This is the final post in a three-part blog series highlighting ways for 340B covered entities to maximize cash flow and savings opportunities during the COVID-19 public health emergency. You can read part one of the series here and part two here.
When we started this initiative a few weeks ago, we were focused on a single objective: in a time of turmoil, what more could we do to help covered entities optimize their 340B savings and accelerate cash flow? Harnessing the creativity and expertise of our finance, pharmacy and client services teams, we have explored dozens of ideas to determine which would result in immediate and material impact on your finances.
While we’ve seen that the impact of each specific opportunity varies depending upon entity type, 340B program setup and population served, we are encouraged by the total results to date. We’ve assisted entities in securing early registration and eligibility for more than 70 contract pharmacies and nearly 100 child sites and locations – and we’ve helped covered entities find more than $1.1 million in additional eligible 340B savings. We hope these opportunities are generating successes for your organization, as well.
This week, we are turning our attention to new tactics we believe could amplify those current savings by as much as ten-fold. Here’s what we’re recommending:
Review high-cost specialty drugs within specific drug therapy classes
We previously discussed the 340B savings leakage that results from high-value specialty prescriptions that have unique prescribing workflows. These scripts become difficult to automatically qualify due to preauthorization requirements, additional documentation or nonstandard date-written windows. However, among our clients, these scripts represent an average potential 340B savings of $3,400 per claim.
What we’ve found is that, within a particular therapy class, there are examples where we can define an eligible encounter + eligible location for that specific therapy + a specific drug as a matching scenario for 340B eligibility. A few common examples include TNF blockers with a rheumatology, dermatology or gastrointestinal visit; oral oncology medications with an oncology visit; or MS medications with a neurology visit.
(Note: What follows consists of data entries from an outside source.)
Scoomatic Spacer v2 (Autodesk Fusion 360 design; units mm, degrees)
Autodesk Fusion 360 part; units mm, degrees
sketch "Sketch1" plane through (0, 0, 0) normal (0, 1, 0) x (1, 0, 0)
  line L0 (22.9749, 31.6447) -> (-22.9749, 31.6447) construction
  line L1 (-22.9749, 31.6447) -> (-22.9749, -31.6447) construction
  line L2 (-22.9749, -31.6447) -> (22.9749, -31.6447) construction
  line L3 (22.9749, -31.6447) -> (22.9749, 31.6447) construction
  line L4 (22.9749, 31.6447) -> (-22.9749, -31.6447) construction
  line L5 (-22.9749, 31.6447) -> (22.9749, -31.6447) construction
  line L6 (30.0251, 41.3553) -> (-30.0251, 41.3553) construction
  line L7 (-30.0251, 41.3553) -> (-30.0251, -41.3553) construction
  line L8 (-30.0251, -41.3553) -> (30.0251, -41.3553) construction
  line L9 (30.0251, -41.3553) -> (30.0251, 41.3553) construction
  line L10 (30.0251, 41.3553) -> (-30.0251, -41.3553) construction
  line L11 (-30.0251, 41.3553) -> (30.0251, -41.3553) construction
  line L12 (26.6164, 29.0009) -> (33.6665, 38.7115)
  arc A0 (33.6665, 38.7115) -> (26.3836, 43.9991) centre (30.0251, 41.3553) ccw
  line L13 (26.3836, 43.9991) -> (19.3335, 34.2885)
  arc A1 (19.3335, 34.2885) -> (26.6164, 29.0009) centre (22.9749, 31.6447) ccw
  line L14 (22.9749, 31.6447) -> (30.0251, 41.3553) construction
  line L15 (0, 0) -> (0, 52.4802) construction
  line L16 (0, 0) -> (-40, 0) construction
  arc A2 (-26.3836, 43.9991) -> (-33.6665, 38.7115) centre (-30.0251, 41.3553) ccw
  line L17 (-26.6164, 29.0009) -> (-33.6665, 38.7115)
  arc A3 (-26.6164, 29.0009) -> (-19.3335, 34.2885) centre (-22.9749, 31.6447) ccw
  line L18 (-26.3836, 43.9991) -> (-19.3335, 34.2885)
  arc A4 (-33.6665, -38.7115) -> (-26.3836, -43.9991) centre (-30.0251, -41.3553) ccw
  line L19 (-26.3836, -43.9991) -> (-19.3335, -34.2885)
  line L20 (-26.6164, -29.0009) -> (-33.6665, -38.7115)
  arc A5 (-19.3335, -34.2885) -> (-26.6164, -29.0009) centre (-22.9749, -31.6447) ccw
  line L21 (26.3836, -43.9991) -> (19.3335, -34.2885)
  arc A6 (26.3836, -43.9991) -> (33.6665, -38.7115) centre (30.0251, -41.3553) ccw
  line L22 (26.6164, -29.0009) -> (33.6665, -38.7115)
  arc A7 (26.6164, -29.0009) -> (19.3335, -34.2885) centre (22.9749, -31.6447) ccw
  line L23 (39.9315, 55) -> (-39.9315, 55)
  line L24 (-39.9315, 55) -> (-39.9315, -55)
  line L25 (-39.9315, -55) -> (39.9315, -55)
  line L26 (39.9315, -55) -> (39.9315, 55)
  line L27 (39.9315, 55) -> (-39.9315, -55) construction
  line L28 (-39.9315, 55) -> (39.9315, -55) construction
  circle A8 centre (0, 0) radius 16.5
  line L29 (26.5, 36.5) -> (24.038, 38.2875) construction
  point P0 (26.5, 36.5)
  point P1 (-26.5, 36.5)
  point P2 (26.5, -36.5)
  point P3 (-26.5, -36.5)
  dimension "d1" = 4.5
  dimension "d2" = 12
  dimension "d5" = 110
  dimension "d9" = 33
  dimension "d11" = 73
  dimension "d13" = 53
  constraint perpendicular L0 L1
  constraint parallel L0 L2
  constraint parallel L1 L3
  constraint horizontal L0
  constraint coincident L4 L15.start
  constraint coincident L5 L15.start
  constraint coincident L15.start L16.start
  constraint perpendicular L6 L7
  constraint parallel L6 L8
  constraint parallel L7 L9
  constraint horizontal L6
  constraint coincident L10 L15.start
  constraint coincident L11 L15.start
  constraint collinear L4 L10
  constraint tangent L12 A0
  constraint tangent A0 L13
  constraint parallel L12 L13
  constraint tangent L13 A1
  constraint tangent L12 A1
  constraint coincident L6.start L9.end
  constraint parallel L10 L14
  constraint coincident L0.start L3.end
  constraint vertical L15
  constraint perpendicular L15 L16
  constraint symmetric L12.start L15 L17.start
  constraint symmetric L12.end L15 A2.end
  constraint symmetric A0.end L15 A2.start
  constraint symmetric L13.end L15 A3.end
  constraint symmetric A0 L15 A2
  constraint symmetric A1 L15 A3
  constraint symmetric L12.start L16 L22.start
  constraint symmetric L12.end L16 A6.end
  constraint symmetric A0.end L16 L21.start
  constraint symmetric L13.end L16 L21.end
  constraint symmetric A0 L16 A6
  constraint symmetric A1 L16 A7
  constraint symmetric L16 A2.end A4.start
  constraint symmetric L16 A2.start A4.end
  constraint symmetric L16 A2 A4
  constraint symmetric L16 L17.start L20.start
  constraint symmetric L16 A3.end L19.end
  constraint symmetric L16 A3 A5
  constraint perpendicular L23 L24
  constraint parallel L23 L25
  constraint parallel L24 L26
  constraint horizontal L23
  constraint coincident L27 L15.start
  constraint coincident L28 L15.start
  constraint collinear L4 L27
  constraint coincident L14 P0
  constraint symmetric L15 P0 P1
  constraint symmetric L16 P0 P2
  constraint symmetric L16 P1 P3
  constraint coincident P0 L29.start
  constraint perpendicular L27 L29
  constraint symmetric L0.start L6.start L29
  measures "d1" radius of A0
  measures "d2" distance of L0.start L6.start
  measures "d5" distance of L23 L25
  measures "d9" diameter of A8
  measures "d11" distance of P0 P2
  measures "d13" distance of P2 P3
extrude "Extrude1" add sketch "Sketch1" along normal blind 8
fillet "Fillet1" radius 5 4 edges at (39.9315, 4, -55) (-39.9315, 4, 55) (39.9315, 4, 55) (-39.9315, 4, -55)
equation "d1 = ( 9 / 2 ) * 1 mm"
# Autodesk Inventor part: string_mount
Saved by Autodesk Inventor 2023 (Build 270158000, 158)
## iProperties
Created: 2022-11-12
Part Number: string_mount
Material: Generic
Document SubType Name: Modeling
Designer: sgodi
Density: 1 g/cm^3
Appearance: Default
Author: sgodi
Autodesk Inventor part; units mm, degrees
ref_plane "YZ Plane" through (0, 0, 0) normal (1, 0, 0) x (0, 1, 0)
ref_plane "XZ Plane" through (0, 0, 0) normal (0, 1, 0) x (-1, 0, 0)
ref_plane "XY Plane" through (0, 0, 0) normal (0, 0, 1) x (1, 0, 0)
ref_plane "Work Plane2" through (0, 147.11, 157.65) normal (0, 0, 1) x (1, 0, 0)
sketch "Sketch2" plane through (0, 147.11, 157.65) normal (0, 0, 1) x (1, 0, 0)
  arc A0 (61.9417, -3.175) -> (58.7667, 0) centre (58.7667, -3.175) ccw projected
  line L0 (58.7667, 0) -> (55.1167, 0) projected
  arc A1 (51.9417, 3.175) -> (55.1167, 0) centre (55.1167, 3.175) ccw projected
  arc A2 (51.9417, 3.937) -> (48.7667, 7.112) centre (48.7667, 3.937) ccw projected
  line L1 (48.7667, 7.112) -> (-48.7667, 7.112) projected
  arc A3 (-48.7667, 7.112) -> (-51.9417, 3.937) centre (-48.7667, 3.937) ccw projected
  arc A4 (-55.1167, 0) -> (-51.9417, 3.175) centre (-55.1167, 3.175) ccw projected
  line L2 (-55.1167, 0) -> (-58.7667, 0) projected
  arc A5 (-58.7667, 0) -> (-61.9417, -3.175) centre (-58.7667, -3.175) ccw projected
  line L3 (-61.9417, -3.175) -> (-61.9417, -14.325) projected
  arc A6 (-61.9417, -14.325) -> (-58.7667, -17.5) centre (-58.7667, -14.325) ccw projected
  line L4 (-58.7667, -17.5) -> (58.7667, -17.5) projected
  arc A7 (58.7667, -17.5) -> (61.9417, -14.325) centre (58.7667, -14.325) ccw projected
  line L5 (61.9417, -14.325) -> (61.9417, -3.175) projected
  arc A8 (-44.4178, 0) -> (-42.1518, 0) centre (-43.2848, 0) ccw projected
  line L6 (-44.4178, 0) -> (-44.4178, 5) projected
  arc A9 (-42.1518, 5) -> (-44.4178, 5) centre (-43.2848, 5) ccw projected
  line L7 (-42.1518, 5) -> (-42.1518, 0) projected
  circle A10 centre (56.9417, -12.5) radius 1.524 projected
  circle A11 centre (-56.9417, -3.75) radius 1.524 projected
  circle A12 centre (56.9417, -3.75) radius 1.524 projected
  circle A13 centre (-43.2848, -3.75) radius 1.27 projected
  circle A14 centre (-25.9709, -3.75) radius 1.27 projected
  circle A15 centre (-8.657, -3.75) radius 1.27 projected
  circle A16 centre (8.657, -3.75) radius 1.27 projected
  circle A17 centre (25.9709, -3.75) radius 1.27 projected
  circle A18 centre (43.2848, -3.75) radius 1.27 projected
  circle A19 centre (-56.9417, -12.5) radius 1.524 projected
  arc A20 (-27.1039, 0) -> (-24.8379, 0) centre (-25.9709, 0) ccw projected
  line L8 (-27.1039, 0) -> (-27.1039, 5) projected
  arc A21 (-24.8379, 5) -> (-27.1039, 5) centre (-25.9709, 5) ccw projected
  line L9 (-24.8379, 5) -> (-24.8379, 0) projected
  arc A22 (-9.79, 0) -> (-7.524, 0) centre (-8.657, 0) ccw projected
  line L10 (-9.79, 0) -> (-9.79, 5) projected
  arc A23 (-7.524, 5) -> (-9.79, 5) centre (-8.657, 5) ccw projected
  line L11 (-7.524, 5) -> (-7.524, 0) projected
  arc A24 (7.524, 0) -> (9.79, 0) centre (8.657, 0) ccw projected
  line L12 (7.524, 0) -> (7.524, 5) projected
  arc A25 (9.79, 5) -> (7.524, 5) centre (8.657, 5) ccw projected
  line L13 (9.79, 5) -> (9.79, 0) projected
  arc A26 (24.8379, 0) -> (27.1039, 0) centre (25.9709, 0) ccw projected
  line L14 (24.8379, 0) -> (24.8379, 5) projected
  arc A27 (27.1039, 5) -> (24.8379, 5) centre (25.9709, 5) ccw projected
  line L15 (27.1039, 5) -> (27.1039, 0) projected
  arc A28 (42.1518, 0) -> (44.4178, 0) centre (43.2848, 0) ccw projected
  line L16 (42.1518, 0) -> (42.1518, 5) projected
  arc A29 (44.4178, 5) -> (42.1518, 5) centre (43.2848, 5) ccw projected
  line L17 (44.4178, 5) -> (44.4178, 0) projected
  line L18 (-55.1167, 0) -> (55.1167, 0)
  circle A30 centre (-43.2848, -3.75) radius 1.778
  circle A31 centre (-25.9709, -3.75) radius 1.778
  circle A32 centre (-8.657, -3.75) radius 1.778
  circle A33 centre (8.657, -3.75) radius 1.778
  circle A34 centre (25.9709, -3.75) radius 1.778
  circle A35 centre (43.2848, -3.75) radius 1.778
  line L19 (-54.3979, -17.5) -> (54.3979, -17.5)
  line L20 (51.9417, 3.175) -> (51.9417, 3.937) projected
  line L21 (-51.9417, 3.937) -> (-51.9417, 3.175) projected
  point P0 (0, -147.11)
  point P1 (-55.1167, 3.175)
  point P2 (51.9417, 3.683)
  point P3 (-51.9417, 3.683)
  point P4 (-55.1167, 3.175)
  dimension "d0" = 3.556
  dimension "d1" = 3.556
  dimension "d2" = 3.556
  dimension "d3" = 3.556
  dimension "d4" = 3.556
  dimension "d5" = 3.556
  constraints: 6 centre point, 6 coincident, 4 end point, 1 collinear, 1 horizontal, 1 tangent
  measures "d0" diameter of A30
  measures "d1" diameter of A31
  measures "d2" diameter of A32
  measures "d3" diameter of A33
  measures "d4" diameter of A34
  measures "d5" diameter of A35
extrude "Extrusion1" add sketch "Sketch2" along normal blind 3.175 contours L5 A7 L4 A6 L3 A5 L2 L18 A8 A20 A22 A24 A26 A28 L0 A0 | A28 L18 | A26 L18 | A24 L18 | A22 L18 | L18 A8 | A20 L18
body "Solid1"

In specific situations such as these, where the likelihood of eligibility is high, we’re working with our clients to accelerate the manual qualification process through enhanced workflows that work in tandem with our ClaimsGuard tool. We suggest you discuss this strategy with your current 340B administrator to understand your options for improving the capture of eligible scripts within these specific situations.
Ensure accuracy of 340B pricing in wholesaler catalogs
We’ve found that missing 340B catalog prices can have a profound impact on 340B savings, and our pharmacy team has been working with McKesson, Amerisource Bergen and Cardinal Health to ensure our clients have access to 340B catalog pricing for all specialty medications.
In some cases, the missing price is due to a simple wholesaler catalog error. However, in many cases, we’ve discovered that an entity has never contracted for a specific specialty medication, and we’ll work with them to obtain access. Currently, we estimate that this one initiative could result in $9.8 million in savings for our entities, with individual impact ranging from a few thousand dollars to more than $2 million per entity.
We highly recommend that you investigate catalog pricing with your wholesaler(s) and work to remedy the gaps where 340B pricing is not available. Here at PSG, this practice is now a part of our standard operating procedures.
Fulfill outstanding orders for limited distribution drugs
Orders for limited distribution drugs require additional data that can present an administrative burden for covered entities and pharmacies. As a result, these drugs may age out before they can be replenished. We help our clients identify and resolve outstanding 340B savings opportunities related to unreplenished limited distribution drugs with eligible 340B accumulations, and we recommend you do the same. By providing the data needed to expedite these orders, you can ensure you capture the 340B savings you’ve earned on these limited distribution drugs.
Continue to align to best practices for telehealth
While the COVID-19 pandemic has quickly accelerated and expanded telehealth adoption, experts agree that it is here to stay as an alternative to in-person provider visits. In addition, the Health Resource and Services Administration has confirmed that telehealth visits are 340B-eligible. For this reason, we recommend a closer look at your data feeds, locations and policies and procedures to future-proof your program for telehealth realities. Here’s a quick checklist to review:
Expand 340B patient eligibility to include newly-registered offsite locations
While we previously addressed the topic of immediate registration and eligibility of offsite locations enabled by HRSA’s public health emergency exceptions for COVID-19, a nagging issue remained: these sites could not leverage the 340B program until the location appeared as a reimbursable outpatient cost center on the organization’s most recently-filed Medicare cost report, a process that can take up to 22 months.
Thanks to communications issued over the last two weeks, HRSA has clarified that patients seen in a newly-added child site will be 340B-eligible immediately, as long as they are patients of the covered entity.
It’s important to note that the Medicare cost report requirement is still in place to gain 340B eligibility for offsite locations, according to the Office of Pharmacy Affairs website. However, this requirement will not affect patient eligibility when patients of the covered entity have an encounter at the offsite facility. We recommend that you clarify your patient definition and revise your policies and procedures related to offsite locations accordingly.